Dlaczego w tym momencie Rafał zaczął się śmiać, pozostanie dla mnie na zawsze tajemnicą. Te chłopy nie mają za grosz instynktu samozachowawczego. I w ogóle są dziwne.
Ogromnie i bez sensu zadowolony z siebie, albo z czegoś innego, nie mam pojęcia, wstał z tej niskiej ławeczki i wyciągnął do mnie rękę.
– Chodźmy lepiej na obiad, Lula dzisiaj robiła coś fajnego, nie wiem co, ale bardzo przyjemnie pachniało w kuchni ziółkami. I serkiem. No, chodź.
Zignorowałam rękę.
– Czy możesz mi łaskawie wyjaśnić, co cię tak szalenie rozśmieszyło? – Starałam się, aby mój ton był maksymalnie zgryźliwy.
– To był śmiech zadowolenia – wyjaśnił, wciąż jeszcze lekko chichocząc. – Jest mi dobrze ze świadomością, że ci zależy na moim życiu, Emilko. I nie mów mi, że jesteś przyjaciółką wszystkich żywych stworzeń, bo mi zepsujesz przyjemność.
Jeszcze go nie widziałam w takim frywolnym nastroju. Zawsze był dość zasadniczy!
Taki też mi się podobał. Kurczę, on jest chyba odważny. Tego nie brałam pod uwagę, ale też nie było okazji do stwierdzenia.
No dobrze, niech sobie będzie.
Wstałam z ławeczki i dałam się zaprowadzić na ten serek z ziółkami. To były naleśniki z grzybkami i szpinakiem plus serek i zioła, nie wiem jakie, ale chyba oregano, bazylia i troszkę tymianku. I świeża pietruszka. Rafał spożywał wytworne danie, nie patrząc do talerza, tylko gapiąc się na mnie. Nie chichotał już, bo w końcu trudno chichotać z ustami pełnymi naleśnika, za to w oczach miał iskierki, których przedtem u niego nie stwierdzałam.
Po raz pierwszy w życiu wyszłam z siebie i dałam się ponieść nerwom.
Publicznie, niestety.
Janek wprawdzie mnie pociesza, ale w tej chwili mam wrażenie – zdaje się, że Ania z Zielonego Wzgórza też takie miewała – że już nigdy nie wyjdę ze swojego pokoju i nie pokażę się ludziom.

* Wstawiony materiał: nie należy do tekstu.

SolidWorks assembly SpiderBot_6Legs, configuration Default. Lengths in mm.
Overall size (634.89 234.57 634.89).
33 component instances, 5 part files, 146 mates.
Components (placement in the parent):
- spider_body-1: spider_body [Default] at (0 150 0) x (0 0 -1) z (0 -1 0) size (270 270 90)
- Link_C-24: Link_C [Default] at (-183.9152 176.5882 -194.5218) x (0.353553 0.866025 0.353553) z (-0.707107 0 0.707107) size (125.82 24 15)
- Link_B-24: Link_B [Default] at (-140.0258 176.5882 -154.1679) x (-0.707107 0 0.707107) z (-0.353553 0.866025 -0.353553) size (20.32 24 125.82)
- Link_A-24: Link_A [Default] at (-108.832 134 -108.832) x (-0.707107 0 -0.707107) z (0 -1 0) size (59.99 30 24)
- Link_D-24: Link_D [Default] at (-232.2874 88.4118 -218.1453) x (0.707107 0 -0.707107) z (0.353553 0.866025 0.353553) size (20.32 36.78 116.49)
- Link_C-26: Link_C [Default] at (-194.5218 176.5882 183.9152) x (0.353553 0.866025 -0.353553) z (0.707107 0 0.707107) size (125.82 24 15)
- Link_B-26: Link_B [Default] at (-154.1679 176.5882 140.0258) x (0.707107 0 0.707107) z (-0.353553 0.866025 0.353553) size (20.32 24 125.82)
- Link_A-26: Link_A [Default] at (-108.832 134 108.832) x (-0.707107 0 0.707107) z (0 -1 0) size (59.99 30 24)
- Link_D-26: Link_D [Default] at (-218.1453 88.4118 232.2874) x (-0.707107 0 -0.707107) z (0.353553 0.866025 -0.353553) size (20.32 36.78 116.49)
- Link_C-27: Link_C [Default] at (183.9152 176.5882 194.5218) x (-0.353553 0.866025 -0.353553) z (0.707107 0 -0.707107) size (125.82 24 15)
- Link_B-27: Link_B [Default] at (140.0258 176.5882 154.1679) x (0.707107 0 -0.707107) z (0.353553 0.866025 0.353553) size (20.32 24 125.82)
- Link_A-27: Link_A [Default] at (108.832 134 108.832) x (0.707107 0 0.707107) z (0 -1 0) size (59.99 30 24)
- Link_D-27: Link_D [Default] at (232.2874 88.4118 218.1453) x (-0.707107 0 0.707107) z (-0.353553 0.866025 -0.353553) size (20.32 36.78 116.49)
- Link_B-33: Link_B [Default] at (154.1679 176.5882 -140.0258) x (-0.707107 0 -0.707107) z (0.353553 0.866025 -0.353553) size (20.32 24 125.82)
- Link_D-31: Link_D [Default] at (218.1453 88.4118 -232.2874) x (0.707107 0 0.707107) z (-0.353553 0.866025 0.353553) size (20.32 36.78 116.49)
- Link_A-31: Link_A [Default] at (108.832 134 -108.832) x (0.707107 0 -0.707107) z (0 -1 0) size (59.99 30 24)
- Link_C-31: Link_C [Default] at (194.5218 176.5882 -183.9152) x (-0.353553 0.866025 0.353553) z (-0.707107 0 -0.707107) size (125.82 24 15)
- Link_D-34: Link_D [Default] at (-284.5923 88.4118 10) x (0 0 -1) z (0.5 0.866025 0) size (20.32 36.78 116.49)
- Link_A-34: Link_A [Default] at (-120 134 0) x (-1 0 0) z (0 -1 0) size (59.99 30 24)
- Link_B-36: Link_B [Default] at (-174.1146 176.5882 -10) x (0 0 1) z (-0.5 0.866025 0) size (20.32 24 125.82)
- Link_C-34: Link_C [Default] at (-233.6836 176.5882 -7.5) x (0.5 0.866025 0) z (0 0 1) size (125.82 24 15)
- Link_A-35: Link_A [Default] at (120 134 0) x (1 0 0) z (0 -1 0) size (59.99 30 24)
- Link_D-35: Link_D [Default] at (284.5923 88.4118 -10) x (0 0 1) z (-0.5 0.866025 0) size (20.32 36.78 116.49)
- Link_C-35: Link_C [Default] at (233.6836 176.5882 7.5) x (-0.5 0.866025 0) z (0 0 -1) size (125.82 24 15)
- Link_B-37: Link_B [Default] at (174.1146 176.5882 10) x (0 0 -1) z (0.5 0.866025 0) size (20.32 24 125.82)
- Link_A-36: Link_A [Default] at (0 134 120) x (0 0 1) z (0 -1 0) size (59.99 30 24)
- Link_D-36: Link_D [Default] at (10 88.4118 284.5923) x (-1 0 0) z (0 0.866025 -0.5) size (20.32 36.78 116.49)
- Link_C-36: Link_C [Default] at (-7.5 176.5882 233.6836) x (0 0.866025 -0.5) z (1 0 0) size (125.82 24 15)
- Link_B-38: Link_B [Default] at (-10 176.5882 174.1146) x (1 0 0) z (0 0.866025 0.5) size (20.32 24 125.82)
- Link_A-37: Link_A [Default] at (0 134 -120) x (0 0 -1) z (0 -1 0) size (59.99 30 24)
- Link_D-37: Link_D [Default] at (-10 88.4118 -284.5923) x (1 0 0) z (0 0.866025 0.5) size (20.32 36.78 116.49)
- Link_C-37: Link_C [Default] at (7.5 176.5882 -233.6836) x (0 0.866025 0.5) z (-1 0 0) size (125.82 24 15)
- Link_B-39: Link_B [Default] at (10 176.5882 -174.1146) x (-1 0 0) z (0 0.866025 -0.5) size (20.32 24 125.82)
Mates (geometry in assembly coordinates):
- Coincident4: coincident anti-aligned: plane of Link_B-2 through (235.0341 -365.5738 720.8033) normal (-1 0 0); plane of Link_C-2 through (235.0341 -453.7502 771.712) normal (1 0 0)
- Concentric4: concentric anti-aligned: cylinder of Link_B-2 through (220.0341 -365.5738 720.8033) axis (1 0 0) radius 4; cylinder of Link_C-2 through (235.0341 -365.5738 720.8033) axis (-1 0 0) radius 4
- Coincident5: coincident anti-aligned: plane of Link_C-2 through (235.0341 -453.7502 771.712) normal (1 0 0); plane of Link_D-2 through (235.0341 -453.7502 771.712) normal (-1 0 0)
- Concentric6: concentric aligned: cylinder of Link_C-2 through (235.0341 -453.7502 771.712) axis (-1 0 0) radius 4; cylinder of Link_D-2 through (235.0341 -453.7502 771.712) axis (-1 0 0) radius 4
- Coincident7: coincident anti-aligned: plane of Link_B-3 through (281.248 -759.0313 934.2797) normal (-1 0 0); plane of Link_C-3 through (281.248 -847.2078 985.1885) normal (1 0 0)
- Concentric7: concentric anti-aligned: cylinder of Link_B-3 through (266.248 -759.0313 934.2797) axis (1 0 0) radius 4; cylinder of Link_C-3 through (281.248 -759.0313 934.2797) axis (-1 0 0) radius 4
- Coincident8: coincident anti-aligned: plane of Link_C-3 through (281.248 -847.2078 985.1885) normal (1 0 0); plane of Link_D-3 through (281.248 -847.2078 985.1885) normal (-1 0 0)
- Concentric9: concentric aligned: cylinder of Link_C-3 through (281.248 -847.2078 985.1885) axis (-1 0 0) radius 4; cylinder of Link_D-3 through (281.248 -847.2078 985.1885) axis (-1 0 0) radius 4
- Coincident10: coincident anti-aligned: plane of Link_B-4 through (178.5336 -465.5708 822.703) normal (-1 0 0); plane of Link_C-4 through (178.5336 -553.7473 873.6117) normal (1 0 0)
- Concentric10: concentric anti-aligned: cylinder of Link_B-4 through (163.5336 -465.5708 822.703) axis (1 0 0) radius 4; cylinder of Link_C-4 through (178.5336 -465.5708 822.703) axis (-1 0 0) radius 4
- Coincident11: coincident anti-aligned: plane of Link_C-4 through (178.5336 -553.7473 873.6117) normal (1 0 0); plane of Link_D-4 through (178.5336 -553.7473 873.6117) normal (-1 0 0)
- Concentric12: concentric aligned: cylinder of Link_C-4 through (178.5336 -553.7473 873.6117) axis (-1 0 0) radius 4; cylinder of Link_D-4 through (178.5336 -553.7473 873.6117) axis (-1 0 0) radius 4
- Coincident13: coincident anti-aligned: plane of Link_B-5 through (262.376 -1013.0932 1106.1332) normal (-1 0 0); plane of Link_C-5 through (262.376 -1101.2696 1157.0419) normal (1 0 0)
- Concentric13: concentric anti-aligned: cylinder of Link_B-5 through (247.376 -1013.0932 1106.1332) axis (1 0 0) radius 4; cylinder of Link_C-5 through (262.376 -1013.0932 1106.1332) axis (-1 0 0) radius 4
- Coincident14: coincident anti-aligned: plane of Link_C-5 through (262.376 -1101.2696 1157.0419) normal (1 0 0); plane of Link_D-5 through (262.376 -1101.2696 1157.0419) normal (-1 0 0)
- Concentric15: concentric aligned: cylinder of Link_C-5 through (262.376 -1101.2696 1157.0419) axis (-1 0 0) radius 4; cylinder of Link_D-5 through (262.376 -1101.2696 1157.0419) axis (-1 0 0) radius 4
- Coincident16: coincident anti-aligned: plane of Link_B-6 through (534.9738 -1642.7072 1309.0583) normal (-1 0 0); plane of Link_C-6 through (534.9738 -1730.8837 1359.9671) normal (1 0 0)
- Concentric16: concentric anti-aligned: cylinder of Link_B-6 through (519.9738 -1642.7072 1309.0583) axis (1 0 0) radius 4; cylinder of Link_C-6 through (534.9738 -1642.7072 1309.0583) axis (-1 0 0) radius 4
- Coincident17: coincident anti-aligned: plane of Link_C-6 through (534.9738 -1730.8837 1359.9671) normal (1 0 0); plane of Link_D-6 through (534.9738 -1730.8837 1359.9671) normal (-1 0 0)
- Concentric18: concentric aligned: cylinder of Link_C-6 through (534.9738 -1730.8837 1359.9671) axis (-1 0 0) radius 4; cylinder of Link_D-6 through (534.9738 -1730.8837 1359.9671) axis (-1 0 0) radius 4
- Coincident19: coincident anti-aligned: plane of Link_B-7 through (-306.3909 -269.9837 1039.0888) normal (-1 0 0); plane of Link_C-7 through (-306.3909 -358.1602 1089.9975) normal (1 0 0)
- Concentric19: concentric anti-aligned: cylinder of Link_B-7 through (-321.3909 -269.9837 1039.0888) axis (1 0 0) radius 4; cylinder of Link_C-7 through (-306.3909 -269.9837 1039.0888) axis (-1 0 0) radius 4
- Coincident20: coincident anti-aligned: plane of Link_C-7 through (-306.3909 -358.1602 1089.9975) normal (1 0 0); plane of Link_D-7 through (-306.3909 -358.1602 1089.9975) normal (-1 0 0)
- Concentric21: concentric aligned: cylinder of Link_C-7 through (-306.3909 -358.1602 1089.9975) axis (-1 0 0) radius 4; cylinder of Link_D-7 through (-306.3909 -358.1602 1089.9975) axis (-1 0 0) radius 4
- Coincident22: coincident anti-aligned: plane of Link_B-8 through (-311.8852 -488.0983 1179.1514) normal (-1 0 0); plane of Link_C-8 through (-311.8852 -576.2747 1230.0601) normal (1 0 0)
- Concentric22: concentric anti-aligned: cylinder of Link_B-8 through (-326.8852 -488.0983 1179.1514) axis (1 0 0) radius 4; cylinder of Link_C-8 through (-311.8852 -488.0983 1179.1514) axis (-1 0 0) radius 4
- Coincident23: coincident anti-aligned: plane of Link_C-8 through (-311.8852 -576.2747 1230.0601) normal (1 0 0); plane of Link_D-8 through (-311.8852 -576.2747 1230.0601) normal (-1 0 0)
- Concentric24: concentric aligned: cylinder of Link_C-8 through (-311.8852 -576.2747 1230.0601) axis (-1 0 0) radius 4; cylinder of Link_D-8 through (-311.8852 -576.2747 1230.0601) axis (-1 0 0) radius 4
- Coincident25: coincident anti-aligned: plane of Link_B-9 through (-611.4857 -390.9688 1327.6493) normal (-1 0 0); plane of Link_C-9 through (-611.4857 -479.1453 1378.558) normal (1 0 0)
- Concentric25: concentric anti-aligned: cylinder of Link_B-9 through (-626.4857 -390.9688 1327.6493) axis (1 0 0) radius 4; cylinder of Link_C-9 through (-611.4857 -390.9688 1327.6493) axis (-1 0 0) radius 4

Ale numer! A mówiłam babciom, że nie należy przesadzać, to nie, były mądrzejsze, staruszki zajadłe! I mnie skołowały, a trzeba było słuchać podszeptów własnego rozsądku, skoro już szeptał!
Lula mnie chyba nienawidzi.
Zamknęła się w swoim pokoju i nosa nie wytyka. Janek do niej lata co piętnaście minut, a kiedy wylatuje, patrzy na mnie wzrokiem pełnym wyrzutu. Matko jedyna, dlaczego on na mnie tak patrzy? Chyba mu wszystko powiem.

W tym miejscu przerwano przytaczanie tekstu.